# What to produce
Would you reproduce exactly the lines below from the one holding "note: Adaptative Single-Gain" through the one holding "Turbulence Model : Subsystem", inclusive, and no others?

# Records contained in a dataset
____________________

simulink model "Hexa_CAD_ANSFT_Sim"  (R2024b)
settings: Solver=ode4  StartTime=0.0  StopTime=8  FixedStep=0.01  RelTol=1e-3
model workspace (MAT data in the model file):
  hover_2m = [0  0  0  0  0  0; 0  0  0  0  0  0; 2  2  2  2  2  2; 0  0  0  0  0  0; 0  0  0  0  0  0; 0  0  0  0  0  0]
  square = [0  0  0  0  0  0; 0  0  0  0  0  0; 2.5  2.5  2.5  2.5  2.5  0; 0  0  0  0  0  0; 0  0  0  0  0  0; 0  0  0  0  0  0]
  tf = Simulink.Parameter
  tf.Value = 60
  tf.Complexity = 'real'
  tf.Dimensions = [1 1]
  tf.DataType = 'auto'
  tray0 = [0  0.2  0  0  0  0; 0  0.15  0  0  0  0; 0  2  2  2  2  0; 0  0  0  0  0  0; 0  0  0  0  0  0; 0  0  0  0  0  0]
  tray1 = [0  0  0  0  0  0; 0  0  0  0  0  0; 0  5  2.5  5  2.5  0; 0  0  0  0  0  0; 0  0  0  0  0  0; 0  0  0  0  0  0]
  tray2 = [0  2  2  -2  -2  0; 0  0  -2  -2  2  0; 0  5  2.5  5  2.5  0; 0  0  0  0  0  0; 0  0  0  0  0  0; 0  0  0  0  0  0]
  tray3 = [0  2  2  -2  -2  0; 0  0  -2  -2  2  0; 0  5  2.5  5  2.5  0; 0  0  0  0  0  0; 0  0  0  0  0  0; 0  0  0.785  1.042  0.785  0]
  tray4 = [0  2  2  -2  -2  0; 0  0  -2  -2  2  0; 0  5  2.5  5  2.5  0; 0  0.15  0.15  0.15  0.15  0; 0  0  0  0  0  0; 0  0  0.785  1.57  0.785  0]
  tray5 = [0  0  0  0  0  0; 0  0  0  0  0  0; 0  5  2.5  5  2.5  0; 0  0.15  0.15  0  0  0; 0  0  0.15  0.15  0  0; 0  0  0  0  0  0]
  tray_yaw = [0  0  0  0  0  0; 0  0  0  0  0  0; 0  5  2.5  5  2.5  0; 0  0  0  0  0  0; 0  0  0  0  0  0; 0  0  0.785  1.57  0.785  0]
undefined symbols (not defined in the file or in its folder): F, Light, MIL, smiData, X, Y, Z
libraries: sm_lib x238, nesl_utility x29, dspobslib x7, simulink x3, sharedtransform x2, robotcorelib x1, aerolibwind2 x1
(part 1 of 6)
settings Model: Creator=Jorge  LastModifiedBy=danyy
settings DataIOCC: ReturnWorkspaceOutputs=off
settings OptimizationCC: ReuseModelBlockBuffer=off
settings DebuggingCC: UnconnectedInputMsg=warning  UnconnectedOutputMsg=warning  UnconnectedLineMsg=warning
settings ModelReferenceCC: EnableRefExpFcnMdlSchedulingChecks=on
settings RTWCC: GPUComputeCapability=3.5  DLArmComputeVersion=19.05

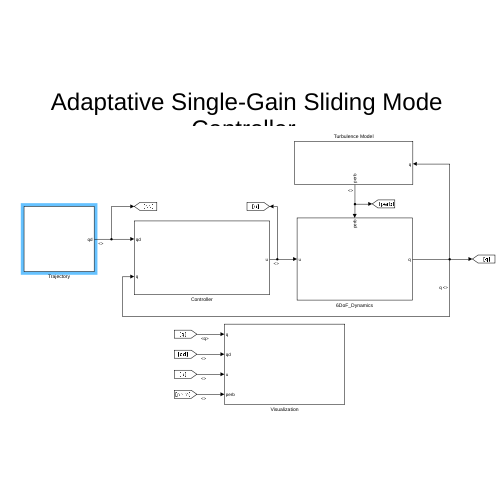
[thumbnail: Simulink's stored preview of the top-level diagram]
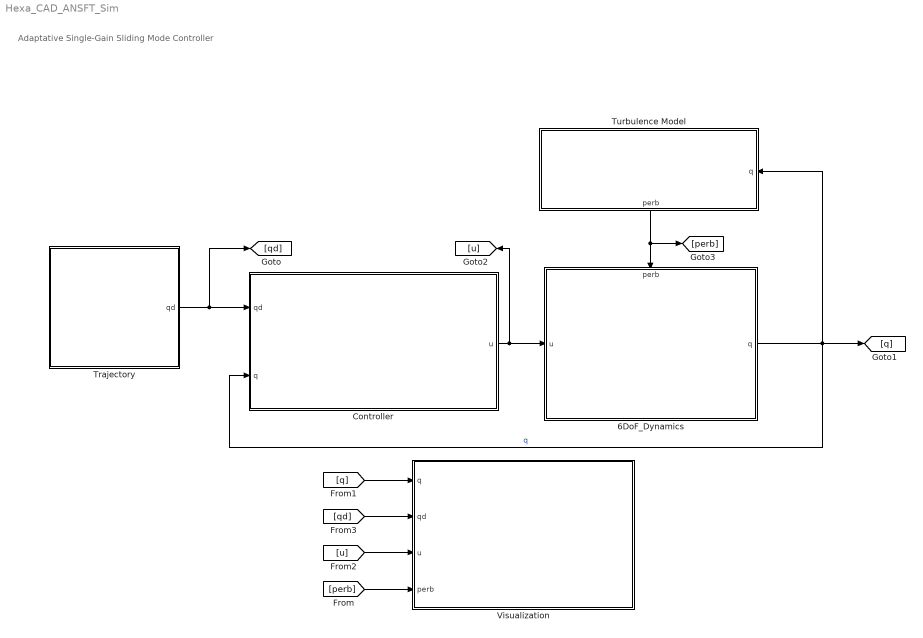
== system Hexa_CAD_ANSFT_Sim ==
  note: Adaptative Single-Gain Sliding Mode Controller
  6DoF_Dynamics : Subsystem
      settings: PortSchema="{\"entries\":[{\"content\":{\"sides\":[{\"content\":{\"connectorIds\":[\"In1\"]},\"type\":\"ConnectorPlacement.EquallySpacedRectSide\",\"uuid\":\"d79ec49c-5563-41e0-ac59-6e897bc19fda\"},{\"content\":{\"connectorIds\":[\"Out1\"],\"side\":\"RIGHT\"},\"type\":\"ConnectorPlacement.EquallySpacedRectSide\",\"uuid\":\"1255043e-c90e-4bae-9fb4-4fa06f36f53e\"},{\"content\":{\"connectorIds\":[\"In2\"],\"side\":\"TOP\"},\"type\":\"ConnectorPlacement.EquallySpacedRectSide\",\"uuid\":\"823ada36-3f22-4ee3-87a1-180276f622bc\"}]},\"type\":\"ConnectorPlacement.EquallySpacedConnector\",\"uuid\":\"7403b609-b333-4977-a854-ed7a71f74338\"}],\"packageUris\":[\"http://schema.mathworks.com/mf0/Connector/R2020b\"],\"version\":\"1.0\"}"
  Controller : Subsystem
  Trajectory : Subsystem
  Turbulence Model : Subsystem
      settings: PortSchema="{\"entries\":[{\"content\":{\"sides\":[{\"content\":{},\"type\":\"ConnectorPlacement.EquallySpacedRectSide\",\"uuid\":\"f78b09a1-2be7-4ada-a431-40e3e9754158\"},{\"content\":{\"connectorIds\":[\"In1\"],\"side\":\"RIGHT\"},\"type\":\"ConnectorPlacement.EquallySpacedRectSide\",\"uuid\":\"90af6136-accc-442b-9679-ef2510f8cfdd\"},{\"content\":{\"side\":\"TOP\"},\"type\":\"ConnectorPlacement.EquallySpacedRectSide\",\"uuid\":\"ed3143b1-02fd-44b4-8f22-c95c41bbcf7f\"},{\"content\":{\"connectorIds\":[\"Out1\"],\"side\":\"BOTTOM\"},\"type\":\"ConnectorPlacement.EquallySpacedRectSide\",\"uuid\":\"715dd93d-905b-40a3-aeb3-61c6c8d9767d\"}]},\"type\":\"ConnectorPlacement.EquallySpacedConnector\",\"uuid\":\"95dc4bc2-a941-4378-8d0a-e3a54b47d1ac\"}],\"packageUris\":[\"http://schema.mathworks.com/mf0/Connector/R2020b\"],\"version\":\"1.0\"}"
  Visualization : Subsystem
  wires:
  Trajectory/1(qd) -> [qd], Controller/1(qd)
  Controller/1(u) -> [u], 6DoF_Dynamics/1(u)
  6DoF_Dynamics/1(q) -> Turbulence Model/1(q), [q], Controller/2(q)  "q"
  Turbulence Model/1(perb) -> 6DoF_Dynamics/2(perb), [perb]
  [q] -> Visualization/1(q)
  [qd] -> Visualization/2(qd)
  [perb] -> Visualization/4(perb)
  [u] -> Visualization/3(u)

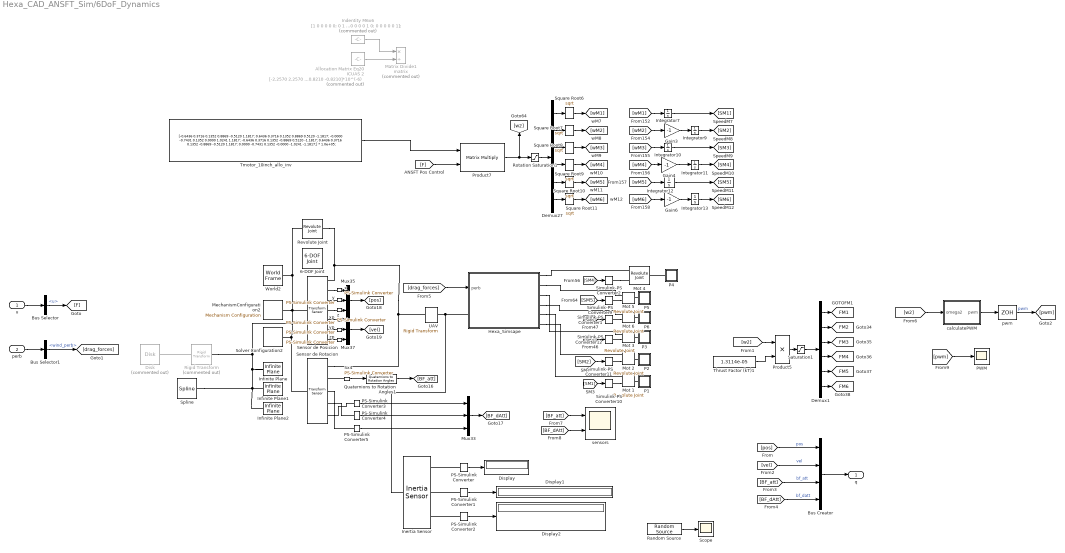
== system Hexa_CAD_ANSFT_Sim/6DoF_Dynamics ==
  u : Inport
  perb : Inport  Port=2
  6-DOF Joint : sm_lib/Joints/6-DOF Joint  JointMode=Normal  CompositeWrenchDir=FollowerOnBase  CompositeWrenchFrame=BaseFrame  SenseConstraintForce=off  SenseConstraintTorque=off  SenseTotalForce=off  SenseTotalTorque=off  PxPositionTargetSpecify=off  PxPositionTargetPriority=High  PxPositionTargetValue=0  PxPositionTargetValueUnits=m  PxVelocityTargetSpecify=off  PxVelocityTargetPriority=High  PxVelocityTargetValue=0  PxVelocityTargetValueUnits=m/s  PxEquilibriumPosition=0  PxEquilibriumPositionUnits=m  PxSpringStiffness=0  PxSpringStiffnessUnits=N/m  PxDampingCoefficient=0  PxDampingCoefficientUnits=N/(m/s)  PxLowerLimitSpecify=off  PxLowerLimitBound=-1  PxLowerLimitBoundUnits=m  PxLowerLimitStiffness=1e6  PxLowerLimitStiffnessUnits=N/m  PxLowerLimitDamping=1e3  PxLowerLimitDampingUnits=N/(m/s)  PxLowerLimitTransitionRegionWidth=1e-4  PxLowerLimitTransitionRegionWidthUnits=m  PxUpperLimitSpecify=off  PxUpperLimitBound=1  PxUpperLimitBoundUnits=m  PxUpperLimitStiffness=1e6  PxUpperLimitStiffnessUnits=N/m  PxUpperLimitDamping=1e3  PxUpperLimitDampingUnits=N/(m/s)  PxUpperLimitTransitionRegionWidth=1e-4  PxUpperLimitTransitionRegionWidthUnits=m  PxTorqueActuationMode=NoTorque  PxMotionActuationMode=ComputedMotion  PxSensePosition=off  PxSenseVelocity=off  PxSenseAcceleration=off  PxSenseTorqueForce=off  PxSenseLowerLimitTorqueForce=off  PxSenseUpperLimitTorqueForce=off  PyPositionTargetSpecify=off  PyPositionTargetPriority=High  PyPositionTargetValue=0  PyPositionTargetValueUnits=m  PyVelocityTargetSpecify=off  PyVelocityTargetPriority=High  PyVelocityTargetValue=0  PyVelocityTargetValueUnits=m/s  PyEquilibriumPosition=0  PyEquilibriumPositionUnits=m  PySpringStiffness=0  PySpringStiffnessUnits=N/m  PyDampingCoefficient=0  PyDampingCoefficientUnits=N/(m/s)  PyLowerLimitSpecify=off  PyLowerLimitBound=-1  PyLowerLimitBoundUnits=m  PyLowerLimitStiffness=1e6  PyLowerLimitStiffnessUnits=N/m  PyLowerLimitDamping=1e3  PyLowerLimitDampingUnits=N/(m/s)  PyLowerLimitTransitionRegionWidth=1e-4  PyLowerLimitTransitionRegionWidthUnits=m  PyUpperLimitSpecify=off  PyUpperLimitBound=1  PyUpperLimitBoundUnits=m  PyUpperLimitStiffness=1e6  PyUpperLimitStiffnessUnits=N/m  PyUpperLimitDamping=1e3  PyUpperLimitDampingUnits=N/(m/s)  PyUpperLimitTransitionRegionWidth=1e-4  PyUpperLimitTransitionRegionWidthUnits=m  PyTorqueActuationMode=NoTorque  PyMotionActuationMode=ComputedMotion  PySensePosition=off  PySenseVelocity=off  PySenseAcceleration=off  PySenseTorqueForce=off  PySenseLowerLimitTorqueForce=off  PySenseUpperLimitTorqueForce=off  PzPositionTargetSpecify=on  PzPositionTargetPriority=High  PzPositionTargetValue=0.20  PzPositionTargetValueUnits=m  PzVelocityTargetSpecify=off  PzVelocityTargetPriority=High  PzVelocityTargetValue=0  PzVelocityTargetValueUnits=m/s  PzEquilibriumPosition=0  PzEquilibriumPositionUnits=m  PzSpringStiffness=0  PzSpringStiffnessUnits=N/m  PzDampingCoefficient=0  PzDampingCoefficientUnits=N/(m/s)  PzLowerLimitSpecify=off  PzLowerLimitBound=-1  PzLowerLimitBoundUnits=m  PzLowerLimitStiffness=1e6  PzLowerLimitStiffnessUnits=N/m  PzLowerLimitDamping=1e3  PzLowerLimitDampingUnits=N/(m/s)  PzLowerLimitTransitionRegionWidth=1e-4  PzLowerLimitTransitionRegionWidthUnits=m  PzUpperLimitSpecify=off  PzUpperLimitBound=1  PzUpperLimitBoundUnits=m  PzUpperLimitStiffness=1e6  PzUpperLimitStiffnessUnits=N/m  PzUpperLimitDamping=1e3  PzUpperLimitDampingUnits=N/(m/s)  PzUpperLimitTransitionRegionWidth=1e-4  PzUpperLimitTransitionRegionWidthUnits=m  PzTorqueActuationMode=NoTorque  PzMotionActuationMode=ComputedMotion  PzSensePosition=off  PzSenseVelocity=off  PzSenseAcceleration=off  PzSenseTorqueForce=off  PzSenseLowerLimitTorqueForce=off  PzSenseUpperLimitTorqueForce=off  SphPositionTargetSpecify=off  SphPositionTargetPriority=High  SphPositionTargetRotationMethod=StandardAxis  SphPositionTargetFollAlignAxisA=+X  SphPositionTargetBaseAlignAxisA=+Y  SphPositionTargetFollAlignAxisB=+Y  SphPositionTargetBaseAlignAxisB=+Z  SphPositionTargetRotationStandardAxis=+Z  SphPositionTargetRotationAngle=-45  SphPositionTargetRotationAngleUnits=deg  SphPositionTargetRotationArbitraryAxis=[0 0 1]  SphPositionTargetRotationSequenceAxes=FollowerAxes  SphPositionTargetRotationSequence=XYX  SphPositionTargetRotationSequenceAngles=[0 0 0]  SphPositionTargetRotationSequenceAnglesUnits=deg  SphPositionTargetRotationMatrix=[1 0 0; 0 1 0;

____________________

# Result
  note: Adaptative Single-Gain Sliding Mode Controller
  6DoF_Dynamics : Subsystem
      settings: PortSchema="{\"entries\":[{\"content\":{\"sides\":[{\"content\":{\"connectorIds\":[\"In1\"]},\"type\":\"ConnectorPlacement.EquallySpacedRectSide\",\"uuid\":\"d79ec49c-5563-41e0-ac59-6e897bc19fda\"},{\"content\":{\"connectorIds\":[\"Out1\"],\"side\":\"RIGHT\"},\"type\":\"ConnectorPlacement.EquallySpacedRectSide\",\"uuid\":\"1255043e-c90e-4bae-9fb4-4fa06f36f53e\"},{\"content\":{\"connectorIds\":[\"In2\"],\"side\":\"TOP\"},\"type\":\"ConnectorPlacement.EquallySpacedRectSide\",\"uuid\":\"823ada36-3f22-4ee3-87a1-180276f622bc\"}]},\"type\":\"ConnectorPlacement.EquallySpacedConnector\",\"uuid\":\"7403b609-b333-4977-a854-ed7a71f74338\"}],\"packageUris\":[\"http://schema.mathworks.com/mf0/Connector/R2020b\"],\"version\":\"1.0\"}"
  Controller : Subsystem
  Trajectory : Subsystem
  Turbulence Model : Subsystem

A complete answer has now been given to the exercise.